[Stored entries]
=== Section Start ===
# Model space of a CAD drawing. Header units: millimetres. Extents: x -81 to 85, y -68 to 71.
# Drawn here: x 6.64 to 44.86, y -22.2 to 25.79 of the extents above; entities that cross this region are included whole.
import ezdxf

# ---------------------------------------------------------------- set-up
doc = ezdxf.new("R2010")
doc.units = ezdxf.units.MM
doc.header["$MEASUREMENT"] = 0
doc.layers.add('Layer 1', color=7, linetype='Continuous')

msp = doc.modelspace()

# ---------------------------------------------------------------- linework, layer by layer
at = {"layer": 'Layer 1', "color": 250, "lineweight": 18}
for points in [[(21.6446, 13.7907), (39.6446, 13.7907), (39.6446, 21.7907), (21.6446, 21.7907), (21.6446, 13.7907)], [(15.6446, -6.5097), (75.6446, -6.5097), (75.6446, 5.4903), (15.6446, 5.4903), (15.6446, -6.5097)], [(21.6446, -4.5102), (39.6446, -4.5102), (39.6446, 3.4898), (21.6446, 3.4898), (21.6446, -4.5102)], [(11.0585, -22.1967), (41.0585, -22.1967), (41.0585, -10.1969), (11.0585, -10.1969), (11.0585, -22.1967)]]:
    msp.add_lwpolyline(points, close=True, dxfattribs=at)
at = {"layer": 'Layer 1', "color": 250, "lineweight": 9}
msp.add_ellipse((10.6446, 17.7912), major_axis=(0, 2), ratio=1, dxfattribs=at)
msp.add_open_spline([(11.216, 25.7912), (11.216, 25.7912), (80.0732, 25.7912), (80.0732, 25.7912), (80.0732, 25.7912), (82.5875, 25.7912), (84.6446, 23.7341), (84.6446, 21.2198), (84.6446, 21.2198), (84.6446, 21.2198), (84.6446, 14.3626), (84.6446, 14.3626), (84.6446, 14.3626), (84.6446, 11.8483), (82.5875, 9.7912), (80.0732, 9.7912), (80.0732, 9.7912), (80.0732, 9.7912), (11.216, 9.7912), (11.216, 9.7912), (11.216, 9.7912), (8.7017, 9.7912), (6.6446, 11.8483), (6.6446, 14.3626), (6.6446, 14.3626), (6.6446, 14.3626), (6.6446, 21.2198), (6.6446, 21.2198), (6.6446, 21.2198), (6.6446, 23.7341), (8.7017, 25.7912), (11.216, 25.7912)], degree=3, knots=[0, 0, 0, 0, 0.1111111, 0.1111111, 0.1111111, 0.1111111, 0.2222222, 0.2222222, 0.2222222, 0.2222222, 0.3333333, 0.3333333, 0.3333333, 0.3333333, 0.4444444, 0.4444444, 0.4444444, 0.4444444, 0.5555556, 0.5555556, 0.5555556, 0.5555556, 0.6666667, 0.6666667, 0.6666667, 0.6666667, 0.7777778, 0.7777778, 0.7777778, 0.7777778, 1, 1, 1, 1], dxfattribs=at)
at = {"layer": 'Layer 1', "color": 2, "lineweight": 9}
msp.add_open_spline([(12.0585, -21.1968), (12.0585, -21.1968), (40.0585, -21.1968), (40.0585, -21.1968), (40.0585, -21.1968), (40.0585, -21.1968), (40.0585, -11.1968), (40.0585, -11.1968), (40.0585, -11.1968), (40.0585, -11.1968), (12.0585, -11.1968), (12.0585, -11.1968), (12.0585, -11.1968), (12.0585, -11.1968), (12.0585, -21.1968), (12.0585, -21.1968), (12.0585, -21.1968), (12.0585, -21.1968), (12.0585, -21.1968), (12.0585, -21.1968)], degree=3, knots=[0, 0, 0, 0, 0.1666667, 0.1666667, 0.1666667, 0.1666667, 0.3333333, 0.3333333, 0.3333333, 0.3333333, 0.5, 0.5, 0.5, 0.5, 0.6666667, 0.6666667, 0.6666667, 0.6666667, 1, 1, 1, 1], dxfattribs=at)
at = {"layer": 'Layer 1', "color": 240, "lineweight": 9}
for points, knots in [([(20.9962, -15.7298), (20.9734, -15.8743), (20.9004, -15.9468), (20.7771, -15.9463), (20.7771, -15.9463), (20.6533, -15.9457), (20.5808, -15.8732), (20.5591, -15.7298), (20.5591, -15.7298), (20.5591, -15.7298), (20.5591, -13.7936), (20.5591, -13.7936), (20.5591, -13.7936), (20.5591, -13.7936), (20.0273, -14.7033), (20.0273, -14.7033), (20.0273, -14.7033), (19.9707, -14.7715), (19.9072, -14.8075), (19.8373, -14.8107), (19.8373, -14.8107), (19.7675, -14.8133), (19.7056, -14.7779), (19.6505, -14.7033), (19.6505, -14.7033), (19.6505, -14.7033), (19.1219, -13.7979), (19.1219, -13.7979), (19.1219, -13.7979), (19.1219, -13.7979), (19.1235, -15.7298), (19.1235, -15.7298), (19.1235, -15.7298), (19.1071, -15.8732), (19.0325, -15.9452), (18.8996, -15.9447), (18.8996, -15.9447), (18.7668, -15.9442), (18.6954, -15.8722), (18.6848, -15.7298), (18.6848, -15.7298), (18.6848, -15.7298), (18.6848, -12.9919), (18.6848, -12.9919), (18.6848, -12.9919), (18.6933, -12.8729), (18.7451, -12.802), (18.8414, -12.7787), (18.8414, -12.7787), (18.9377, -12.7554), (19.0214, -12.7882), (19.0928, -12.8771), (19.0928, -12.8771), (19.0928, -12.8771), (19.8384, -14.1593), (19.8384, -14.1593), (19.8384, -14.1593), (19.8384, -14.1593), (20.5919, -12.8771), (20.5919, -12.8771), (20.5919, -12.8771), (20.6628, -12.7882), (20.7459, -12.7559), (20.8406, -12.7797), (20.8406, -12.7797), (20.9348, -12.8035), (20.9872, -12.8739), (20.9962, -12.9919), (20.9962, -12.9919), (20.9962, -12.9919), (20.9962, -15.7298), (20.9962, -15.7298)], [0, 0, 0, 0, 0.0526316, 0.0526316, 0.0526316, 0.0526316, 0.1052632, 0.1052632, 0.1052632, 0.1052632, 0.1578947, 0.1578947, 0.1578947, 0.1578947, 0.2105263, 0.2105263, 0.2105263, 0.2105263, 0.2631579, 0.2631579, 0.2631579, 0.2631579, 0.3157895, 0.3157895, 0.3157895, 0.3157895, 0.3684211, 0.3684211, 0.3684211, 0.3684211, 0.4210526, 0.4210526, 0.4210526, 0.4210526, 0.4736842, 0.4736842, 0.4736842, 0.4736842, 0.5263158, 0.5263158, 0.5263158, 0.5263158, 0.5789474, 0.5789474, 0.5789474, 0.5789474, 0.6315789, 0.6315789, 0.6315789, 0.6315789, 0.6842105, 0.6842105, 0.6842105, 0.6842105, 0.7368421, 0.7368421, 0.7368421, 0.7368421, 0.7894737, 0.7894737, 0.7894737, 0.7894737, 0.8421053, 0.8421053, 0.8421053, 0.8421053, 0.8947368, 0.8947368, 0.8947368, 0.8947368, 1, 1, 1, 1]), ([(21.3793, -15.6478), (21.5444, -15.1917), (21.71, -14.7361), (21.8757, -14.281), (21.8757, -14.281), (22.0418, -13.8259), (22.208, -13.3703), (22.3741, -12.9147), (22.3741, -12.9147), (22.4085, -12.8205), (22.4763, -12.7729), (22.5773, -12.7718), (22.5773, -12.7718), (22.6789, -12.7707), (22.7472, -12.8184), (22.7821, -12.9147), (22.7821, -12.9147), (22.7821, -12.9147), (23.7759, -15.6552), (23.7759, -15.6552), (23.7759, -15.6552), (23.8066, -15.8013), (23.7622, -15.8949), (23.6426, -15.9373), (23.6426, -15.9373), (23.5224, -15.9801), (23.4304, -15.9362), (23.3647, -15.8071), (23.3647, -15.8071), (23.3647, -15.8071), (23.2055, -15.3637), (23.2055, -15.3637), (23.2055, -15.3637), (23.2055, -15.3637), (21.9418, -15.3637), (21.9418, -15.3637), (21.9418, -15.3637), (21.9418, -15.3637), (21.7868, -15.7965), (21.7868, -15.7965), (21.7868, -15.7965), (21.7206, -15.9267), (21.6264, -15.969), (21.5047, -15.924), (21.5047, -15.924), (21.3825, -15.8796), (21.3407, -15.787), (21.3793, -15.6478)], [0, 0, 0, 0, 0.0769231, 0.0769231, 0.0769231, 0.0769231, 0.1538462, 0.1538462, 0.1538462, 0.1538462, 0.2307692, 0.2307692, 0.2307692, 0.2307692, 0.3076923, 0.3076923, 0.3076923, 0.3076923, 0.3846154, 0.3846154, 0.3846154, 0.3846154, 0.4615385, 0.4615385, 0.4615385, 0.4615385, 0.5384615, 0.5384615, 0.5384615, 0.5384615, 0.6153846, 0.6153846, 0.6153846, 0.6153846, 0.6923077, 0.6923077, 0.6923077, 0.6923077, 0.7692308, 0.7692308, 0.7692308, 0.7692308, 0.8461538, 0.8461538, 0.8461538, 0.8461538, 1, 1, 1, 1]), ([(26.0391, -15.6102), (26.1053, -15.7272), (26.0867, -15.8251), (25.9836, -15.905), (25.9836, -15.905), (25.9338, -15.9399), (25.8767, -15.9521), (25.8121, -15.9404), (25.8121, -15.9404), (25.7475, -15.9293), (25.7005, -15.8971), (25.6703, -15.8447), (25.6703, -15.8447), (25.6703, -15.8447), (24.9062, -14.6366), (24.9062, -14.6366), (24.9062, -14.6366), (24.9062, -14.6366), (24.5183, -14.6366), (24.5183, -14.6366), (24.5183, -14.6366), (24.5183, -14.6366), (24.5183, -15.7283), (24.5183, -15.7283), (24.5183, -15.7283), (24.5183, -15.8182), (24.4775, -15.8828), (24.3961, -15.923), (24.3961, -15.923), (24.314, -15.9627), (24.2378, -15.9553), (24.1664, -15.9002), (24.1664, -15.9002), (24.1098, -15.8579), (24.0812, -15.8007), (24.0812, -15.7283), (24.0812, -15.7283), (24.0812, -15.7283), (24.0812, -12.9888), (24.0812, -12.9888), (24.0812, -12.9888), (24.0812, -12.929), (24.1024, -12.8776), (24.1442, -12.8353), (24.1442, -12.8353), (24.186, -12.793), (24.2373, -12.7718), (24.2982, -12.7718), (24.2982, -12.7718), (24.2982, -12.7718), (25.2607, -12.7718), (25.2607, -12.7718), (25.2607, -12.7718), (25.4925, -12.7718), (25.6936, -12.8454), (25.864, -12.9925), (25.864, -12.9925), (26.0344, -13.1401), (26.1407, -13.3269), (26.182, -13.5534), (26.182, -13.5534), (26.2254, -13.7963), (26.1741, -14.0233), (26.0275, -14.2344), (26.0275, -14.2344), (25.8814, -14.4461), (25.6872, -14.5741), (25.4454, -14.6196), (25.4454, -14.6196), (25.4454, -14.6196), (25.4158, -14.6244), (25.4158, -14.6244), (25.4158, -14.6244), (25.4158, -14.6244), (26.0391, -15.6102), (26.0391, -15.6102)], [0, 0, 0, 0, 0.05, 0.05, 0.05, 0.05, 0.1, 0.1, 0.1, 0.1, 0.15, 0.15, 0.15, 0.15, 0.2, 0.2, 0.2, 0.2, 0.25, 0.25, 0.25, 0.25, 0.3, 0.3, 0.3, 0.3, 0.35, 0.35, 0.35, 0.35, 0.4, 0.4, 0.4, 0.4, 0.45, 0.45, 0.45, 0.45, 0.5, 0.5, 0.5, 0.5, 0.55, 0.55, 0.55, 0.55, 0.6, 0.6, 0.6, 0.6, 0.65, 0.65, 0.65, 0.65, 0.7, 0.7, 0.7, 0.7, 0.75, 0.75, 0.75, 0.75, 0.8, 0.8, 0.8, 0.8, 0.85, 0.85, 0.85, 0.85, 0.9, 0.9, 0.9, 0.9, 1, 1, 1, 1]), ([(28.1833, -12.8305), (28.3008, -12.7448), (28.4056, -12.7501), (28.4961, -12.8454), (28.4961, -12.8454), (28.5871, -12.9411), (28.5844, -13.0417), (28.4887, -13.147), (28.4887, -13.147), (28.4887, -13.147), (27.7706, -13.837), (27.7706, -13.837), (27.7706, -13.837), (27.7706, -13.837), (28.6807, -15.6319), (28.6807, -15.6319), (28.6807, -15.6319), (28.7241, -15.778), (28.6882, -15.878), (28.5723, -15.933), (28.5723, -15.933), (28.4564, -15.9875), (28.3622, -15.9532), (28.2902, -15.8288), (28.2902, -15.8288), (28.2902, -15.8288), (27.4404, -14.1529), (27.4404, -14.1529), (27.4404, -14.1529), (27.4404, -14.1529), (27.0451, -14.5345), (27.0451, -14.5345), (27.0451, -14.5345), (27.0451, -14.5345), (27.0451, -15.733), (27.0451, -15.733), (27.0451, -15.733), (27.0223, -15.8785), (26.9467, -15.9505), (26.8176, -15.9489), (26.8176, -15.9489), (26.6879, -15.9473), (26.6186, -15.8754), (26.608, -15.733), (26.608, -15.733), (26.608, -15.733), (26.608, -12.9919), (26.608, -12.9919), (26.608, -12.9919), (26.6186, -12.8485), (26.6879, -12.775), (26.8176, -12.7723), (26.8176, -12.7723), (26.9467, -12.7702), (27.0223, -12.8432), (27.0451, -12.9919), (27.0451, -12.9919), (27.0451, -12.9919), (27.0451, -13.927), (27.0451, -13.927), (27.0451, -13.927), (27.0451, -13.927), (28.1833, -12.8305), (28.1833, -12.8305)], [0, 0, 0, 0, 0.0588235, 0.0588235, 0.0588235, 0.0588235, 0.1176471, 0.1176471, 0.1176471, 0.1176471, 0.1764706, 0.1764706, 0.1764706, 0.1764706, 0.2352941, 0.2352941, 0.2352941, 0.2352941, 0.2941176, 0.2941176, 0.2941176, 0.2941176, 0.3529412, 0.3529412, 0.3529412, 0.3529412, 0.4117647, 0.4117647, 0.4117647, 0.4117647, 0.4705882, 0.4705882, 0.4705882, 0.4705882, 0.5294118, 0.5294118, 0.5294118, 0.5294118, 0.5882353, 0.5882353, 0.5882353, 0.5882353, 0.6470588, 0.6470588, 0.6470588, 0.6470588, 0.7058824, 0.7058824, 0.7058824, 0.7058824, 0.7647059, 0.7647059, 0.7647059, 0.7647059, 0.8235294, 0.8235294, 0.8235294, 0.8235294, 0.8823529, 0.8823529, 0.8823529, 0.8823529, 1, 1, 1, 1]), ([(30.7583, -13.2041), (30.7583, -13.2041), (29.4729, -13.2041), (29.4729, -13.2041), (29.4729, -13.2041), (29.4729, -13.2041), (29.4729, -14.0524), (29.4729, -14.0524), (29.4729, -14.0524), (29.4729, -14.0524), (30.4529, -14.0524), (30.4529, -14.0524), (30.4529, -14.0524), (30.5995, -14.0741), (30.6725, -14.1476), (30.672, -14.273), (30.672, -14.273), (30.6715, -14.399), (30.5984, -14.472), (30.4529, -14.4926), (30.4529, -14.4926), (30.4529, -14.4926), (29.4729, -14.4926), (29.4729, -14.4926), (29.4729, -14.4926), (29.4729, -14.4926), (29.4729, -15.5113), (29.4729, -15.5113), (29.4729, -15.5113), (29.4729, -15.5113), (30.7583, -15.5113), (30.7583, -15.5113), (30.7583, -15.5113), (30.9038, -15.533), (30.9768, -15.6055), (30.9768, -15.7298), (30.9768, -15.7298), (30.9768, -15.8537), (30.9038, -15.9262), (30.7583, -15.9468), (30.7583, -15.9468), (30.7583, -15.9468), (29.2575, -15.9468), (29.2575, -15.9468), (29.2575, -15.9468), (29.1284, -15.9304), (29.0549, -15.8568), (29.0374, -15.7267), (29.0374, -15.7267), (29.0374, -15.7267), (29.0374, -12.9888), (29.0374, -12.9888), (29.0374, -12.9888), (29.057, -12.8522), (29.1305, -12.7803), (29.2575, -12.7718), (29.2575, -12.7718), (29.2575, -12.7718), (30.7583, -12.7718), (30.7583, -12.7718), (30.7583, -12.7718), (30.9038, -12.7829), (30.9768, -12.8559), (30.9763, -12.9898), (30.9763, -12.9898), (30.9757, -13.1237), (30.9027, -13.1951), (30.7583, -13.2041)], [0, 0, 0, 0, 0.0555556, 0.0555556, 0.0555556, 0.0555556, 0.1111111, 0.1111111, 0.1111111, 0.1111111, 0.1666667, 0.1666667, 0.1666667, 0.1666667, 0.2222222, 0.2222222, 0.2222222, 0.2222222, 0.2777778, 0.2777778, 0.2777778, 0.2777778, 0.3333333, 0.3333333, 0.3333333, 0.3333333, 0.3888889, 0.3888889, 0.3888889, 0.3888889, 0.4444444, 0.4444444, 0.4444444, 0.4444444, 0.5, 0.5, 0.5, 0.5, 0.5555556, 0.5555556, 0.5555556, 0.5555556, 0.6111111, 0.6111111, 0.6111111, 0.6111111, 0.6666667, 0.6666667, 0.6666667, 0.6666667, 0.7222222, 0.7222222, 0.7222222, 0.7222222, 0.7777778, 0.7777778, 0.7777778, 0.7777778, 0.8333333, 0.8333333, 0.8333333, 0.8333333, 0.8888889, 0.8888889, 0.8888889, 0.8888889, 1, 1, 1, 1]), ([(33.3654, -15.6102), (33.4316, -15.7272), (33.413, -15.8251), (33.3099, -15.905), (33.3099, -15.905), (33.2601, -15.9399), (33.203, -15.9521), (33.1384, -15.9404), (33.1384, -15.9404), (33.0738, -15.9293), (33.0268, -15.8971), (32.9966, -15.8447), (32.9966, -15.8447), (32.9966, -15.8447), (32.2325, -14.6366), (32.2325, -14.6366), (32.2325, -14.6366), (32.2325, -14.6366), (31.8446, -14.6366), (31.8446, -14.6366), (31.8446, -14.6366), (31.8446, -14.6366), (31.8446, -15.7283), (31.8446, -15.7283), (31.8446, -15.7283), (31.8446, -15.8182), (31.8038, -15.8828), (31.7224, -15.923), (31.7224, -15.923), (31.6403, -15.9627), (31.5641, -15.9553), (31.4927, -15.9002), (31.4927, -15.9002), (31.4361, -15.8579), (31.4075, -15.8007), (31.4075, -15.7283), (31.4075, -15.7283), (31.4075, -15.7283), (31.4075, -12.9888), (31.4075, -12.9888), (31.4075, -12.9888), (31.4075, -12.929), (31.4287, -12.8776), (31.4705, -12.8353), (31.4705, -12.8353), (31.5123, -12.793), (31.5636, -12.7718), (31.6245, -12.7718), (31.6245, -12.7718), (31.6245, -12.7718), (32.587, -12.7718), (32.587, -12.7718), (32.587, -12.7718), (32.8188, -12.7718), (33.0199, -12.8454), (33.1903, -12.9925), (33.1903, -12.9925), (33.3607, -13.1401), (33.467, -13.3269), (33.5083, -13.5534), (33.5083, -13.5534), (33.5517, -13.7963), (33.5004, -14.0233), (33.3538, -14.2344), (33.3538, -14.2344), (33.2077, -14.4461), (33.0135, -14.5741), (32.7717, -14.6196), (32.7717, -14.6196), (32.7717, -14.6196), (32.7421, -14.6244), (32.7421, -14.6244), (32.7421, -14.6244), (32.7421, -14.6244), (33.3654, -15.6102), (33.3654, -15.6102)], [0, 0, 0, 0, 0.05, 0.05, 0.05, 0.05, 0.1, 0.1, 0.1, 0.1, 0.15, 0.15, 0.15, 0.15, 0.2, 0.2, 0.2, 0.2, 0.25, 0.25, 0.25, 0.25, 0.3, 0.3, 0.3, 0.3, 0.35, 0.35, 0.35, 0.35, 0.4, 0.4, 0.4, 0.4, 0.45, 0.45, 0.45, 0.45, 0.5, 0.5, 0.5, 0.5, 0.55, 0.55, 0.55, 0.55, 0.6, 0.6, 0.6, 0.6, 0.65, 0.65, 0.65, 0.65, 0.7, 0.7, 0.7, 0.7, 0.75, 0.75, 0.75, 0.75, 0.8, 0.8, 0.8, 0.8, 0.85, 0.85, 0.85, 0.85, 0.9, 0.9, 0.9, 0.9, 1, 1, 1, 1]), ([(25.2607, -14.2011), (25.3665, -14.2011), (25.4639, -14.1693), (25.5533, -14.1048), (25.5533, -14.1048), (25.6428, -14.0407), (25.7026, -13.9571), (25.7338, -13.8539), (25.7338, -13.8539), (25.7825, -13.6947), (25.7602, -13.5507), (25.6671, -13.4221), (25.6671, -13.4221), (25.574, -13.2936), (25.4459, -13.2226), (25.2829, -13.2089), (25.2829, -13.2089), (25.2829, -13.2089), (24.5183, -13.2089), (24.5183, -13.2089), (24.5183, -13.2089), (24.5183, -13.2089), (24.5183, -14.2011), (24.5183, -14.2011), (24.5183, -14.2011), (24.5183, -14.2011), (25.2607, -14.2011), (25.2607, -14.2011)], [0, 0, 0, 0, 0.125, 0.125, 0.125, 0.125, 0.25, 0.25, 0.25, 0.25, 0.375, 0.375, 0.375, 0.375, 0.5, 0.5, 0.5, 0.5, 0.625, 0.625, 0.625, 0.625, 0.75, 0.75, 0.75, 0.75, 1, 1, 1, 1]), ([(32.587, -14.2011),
=== Section End ===
[Directions]
Find all the lines with "lineweight" in the data and copy them.

[Answer for the task]
at = {"layer": 'Layer 1', "color": 250, "lineweight": 18}
at = {"layer": 'Layer 1', "color": 250, "lineweight": 9}
at = {"layer": 'Layer 1', "color": 2, "lineweight": 9}
at = {"layer": 'Layer 1', "color": 240, "lineweight": 9}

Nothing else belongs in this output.